*TRY IT*
Take the lines below between the one holding "#32=ORIENTED_EDGE('',*,*,#31,.F.);" and the one holding "#91=FACE_BOUND('',#90,.T.);", inclusive, and copy them exactly. Add nothing.

*RECORDED DATA*
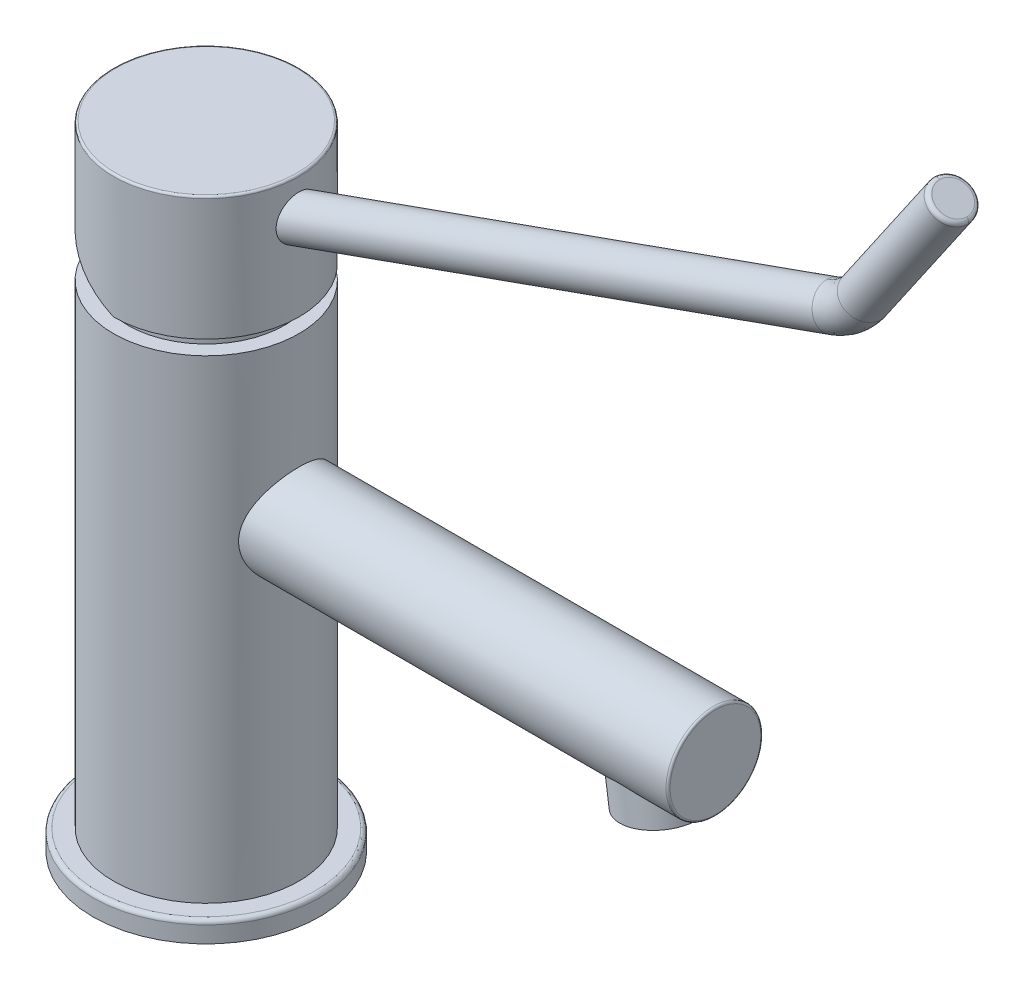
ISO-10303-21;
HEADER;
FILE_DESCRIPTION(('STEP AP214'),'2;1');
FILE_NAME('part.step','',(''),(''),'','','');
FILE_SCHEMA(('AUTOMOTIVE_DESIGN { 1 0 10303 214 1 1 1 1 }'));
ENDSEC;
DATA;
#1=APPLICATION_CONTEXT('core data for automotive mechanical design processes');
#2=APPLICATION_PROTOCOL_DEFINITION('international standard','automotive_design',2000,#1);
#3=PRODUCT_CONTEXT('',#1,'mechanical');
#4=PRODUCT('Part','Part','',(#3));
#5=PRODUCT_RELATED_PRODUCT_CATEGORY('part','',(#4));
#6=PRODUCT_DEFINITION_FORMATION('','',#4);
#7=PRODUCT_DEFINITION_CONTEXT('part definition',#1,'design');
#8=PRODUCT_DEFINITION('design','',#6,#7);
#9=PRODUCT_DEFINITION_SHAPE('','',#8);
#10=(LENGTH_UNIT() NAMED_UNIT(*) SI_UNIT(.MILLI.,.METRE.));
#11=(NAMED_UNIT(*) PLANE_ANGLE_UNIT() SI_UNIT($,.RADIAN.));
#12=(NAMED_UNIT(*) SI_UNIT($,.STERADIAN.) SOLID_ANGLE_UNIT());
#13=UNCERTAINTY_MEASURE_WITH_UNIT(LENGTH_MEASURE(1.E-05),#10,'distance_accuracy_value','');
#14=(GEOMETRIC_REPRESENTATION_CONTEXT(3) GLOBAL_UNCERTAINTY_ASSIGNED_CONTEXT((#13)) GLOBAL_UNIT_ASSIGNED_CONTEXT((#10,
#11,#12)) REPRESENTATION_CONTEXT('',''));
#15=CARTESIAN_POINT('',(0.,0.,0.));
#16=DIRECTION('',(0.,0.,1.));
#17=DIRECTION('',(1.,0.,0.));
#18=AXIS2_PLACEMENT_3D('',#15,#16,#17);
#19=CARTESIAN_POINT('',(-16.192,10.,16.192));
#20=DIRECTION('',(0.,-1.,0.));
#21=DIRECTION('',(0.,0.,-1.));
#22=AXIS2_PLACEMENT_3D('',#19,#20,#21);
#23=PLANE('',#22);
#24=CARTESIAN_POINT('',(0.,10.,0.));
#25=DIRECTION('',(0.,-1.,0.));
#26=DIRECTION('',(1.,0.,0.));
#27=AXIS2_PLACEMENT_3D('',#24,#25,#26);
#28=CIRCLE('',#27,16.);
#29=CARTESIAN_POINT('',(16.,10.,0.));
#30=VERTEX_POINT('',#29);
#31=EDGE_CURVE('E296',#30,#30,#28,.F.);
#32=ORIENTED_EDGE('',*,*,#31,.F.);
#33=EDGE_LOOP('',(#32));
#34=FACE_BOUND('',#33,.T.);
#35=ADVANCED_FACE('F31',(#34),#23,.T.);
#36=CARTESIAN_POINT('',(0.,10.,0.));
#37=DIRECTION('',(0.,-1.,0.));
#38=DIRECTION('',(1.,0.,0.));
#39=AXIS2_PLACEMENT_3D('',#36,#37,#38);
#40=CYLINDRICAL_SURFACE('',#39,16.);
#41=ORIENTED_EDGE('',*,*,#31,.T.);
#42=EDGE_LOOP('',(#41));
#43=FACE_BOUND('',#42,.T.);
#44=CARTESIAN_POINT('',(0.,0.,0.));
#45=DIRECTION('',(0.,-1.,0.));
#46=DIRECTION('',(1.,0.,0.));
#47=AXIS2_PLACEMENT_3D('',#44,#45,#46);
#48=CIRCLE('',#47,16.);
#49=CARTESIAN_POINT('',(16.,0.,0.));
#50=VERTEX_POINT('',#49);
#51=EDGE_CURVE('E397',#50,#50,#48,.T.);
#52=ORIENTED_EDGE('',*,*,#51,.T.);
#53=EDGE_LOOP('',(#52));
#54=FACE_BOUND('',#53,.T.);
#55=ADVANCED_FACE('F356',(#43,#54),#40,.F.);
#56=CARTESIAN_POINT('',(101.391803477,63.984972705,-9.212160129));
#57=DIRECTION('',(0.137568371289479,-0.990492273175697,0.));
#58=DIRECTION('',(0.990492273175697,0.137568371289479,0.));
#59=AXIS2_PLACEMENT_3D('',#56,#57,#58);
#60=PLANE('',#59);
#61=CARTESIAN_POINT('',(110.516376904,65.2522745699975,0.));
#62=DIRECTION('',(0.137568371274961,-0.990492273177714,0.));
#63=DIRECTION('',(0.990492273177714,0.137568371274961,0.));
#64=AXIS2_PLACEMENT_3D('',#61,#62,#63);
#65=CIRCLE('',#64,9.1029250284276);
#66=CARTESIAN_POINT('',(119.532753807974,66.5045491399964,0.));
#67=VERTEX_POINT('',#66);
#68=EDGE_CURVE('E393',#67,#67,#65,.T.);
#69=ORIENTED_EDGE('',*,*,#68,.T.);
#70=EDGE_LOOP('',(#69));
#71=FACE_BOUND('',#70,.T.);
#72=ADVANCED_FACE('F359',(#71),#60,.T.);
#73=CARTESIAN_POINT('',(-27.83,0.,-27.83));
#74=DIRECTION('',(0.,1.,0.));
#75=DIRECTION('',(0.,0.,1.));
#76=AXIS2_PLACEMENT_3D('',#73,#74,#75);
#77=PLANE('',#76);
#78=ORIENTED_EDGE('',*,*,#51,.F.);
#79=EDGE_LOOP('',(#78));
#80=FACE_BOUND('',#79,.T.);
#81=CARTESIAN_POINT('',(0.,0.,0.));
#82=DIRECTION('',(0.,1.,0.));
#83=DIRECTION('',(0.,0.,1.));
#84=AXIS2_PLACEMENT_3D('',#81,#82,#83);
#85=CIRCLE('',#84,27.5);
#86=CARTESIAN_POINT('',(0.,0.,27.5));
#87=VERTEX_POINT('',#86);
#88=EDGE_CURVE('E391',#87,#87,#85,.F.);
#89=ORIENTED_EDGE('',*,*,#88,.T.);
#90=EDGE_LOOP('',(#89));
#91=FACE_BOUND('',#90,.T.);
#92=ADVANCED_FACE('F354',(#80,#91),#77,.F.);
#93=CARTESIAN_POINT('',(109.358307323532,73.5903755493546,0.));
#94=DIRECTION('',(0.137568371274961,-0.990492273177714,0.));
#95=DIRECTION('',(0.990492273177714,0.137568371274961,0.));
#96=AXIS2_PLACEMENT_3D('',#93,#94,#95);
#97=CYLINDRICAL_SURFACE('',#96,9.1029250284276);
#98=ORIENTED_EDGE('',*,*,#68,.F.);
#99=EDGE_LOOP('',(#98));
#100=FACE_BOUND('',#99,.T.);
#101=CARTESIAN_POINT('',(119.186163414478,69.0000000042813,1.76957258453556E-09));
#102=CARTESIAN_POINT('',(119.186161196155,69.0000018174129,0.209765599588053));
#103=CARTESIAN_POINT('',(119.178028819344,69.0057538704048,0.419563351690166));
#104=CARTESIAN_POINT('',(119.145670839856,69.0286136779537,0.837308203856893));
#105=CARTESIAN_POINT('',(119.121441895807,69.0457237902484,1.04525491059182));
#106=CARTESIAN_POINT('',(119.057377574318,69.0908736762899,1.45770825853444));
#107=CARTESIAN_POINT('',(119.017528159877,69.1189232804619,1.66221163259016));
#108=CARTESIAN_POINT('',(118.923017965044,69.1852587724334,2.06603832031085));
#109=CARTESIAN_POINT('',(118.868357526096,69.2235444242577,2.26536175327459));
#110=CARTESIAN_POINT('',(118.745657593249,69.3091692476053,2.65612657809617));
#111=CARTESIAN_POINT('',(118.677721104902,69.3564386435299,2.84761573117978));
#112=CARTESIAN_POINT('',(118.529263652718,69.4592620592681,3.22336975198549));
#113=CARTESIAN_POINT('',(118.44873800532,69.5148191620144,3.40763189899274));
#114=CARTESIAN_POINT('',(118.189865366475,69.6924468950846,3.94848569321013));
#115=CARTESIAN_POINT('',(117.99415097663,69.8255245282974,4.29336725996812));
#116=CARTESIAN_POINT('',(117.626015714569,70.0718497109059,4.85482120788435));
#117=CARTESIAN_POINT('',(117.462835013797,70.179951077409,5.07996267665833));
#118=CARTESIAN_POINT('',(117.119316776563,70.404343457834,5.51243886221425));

*RESPONSE BOX*
#32=ORIENTED_EDGE('',*,*,#31,.F.);
#33=EDGE_LOOP('',(#32));
#34=FACE_BOUND('',#33,.T.);
#35=ADVANCED_FACE('F31',(#34),#23,.T.);
#36=CARTESIAN_POINT('',(0.,10.,0.));
#37=DIRECTION('',(0.,-1.,0.));
#38=DIRECTION('',(1.,0.,0.));
#39=AXIS2_PLACEMENT_3D('',#36,#37,#38);
#40=CYLINDRICAL_SURFACE('',#39,16.);
#41=ORIENTED_EDGE('',*,*,#31,.T.);
#42=EDGE_LOOP('',(#41));
#43=FACE_BOUND('',#42,.T.);
#44=CARTESIAN_POINT('',(0.,0.,0.));
#45=DIRECTION('',(0.,-1.,0.));
#46=DIRECTION('',(1.,0.,0.));
#47=AXIS2_PLACEMENT_3D('',#44,#45,#46);
#48=CIRCLE('',#47,16.);
#49=CARTESIAN_POINT('',(16.,0.,0.));
#50=VERTEX_POINT('',#49);
#51=EDGE_CURVE('E397',#50,#50,#48,.T.);
#52=ORIENTED_EDGE('',*,*,#51,.T.);
#53=EDGE_LOOP('',(#52));
#54=FACE_BOUND('',#53,.T.);
#55=ADVANCED_FACE('F356',(#43,#54),#40,.F.);
#56=CARTESIAN_POINT('',(101.391803477,63.984972705,-9.212160129));
#57=DIRECTION('',(0.137568371289479,-0.990492273175697,0.));
#58=DIRECTION('',(0.990492273175697,0.137568371289479,0.));
#59=AXIS2_PLACEMENT_3D('',#56,#57,#58);
#60=PLANE('',#59);
#61=CARTESIAN_POINT('',(110.516376904,65.2522745699975,0.));
#62=DIRECTION('',(0.137568371274961,-0.990492273177714,0.));
#63=DIRECTION('',(0.990492273177714,0.137568371274961,0.));
#64=AXIS2_PLACEMENT_3D('',#61,#62,#63);
#65=CIRCLE('',#64,9.1029250284276);
#66=CARTESIAN_POINT('',(119.532753807974,66.5045491399964,0.));
#67=VERTEX_POINT('',#66);
#68=EDGE_CURVE('E393',#67,#67,#65,.T.);
#69=ORIENTED_EDGE('',*,*,#68,.T.);
#70=EDGE_LOOP('',(#69));
#71=FACE_BOUND('',#70,.T.);
#72=ADVANCED_FACE('F359',(#71),#60,.T.);
#73=CARTESIAN_POINT('',(-27.83,0.,-27.83));
#74=DIRECTION('',(0.,1.,0.));
#75=DIRECTION('',(0.,0.,1.));
#76=AXIS2_PLACEMENT_3D('',#73,#74,#75);
#77=PLANE('',#76);
#78=ORIENTED_EDGE('',*,*,#51,.F.);
#79=EDGE_LOOP('',(#78));
#80=FACE_BOUND('',#79,.T.);
#81=CARTESIAN_POINT('',(0.,0.,0.));
#82=DIRECTION('',(0.,1.,0.));
#83=DIRECTION('',(0.,0.,1.));
#84=AXIS2_PLACEMENT_3D('',#81,#82,#83);
#85=CIRCLE('',#84,27.5);
#86=CARTESIAN_POINT('',(0.,0.,27.5));
#87=VERTEX_POINT('',#86);
#88=EDGE_CURVE('E391',#87,#87,#85,.F.);
#89=ORIENTED_EDGE('',*,*,#88,.T.);
#90=EDGE_LOOP('',(#89));
#91=FACE_BOUND('',#90,.T.);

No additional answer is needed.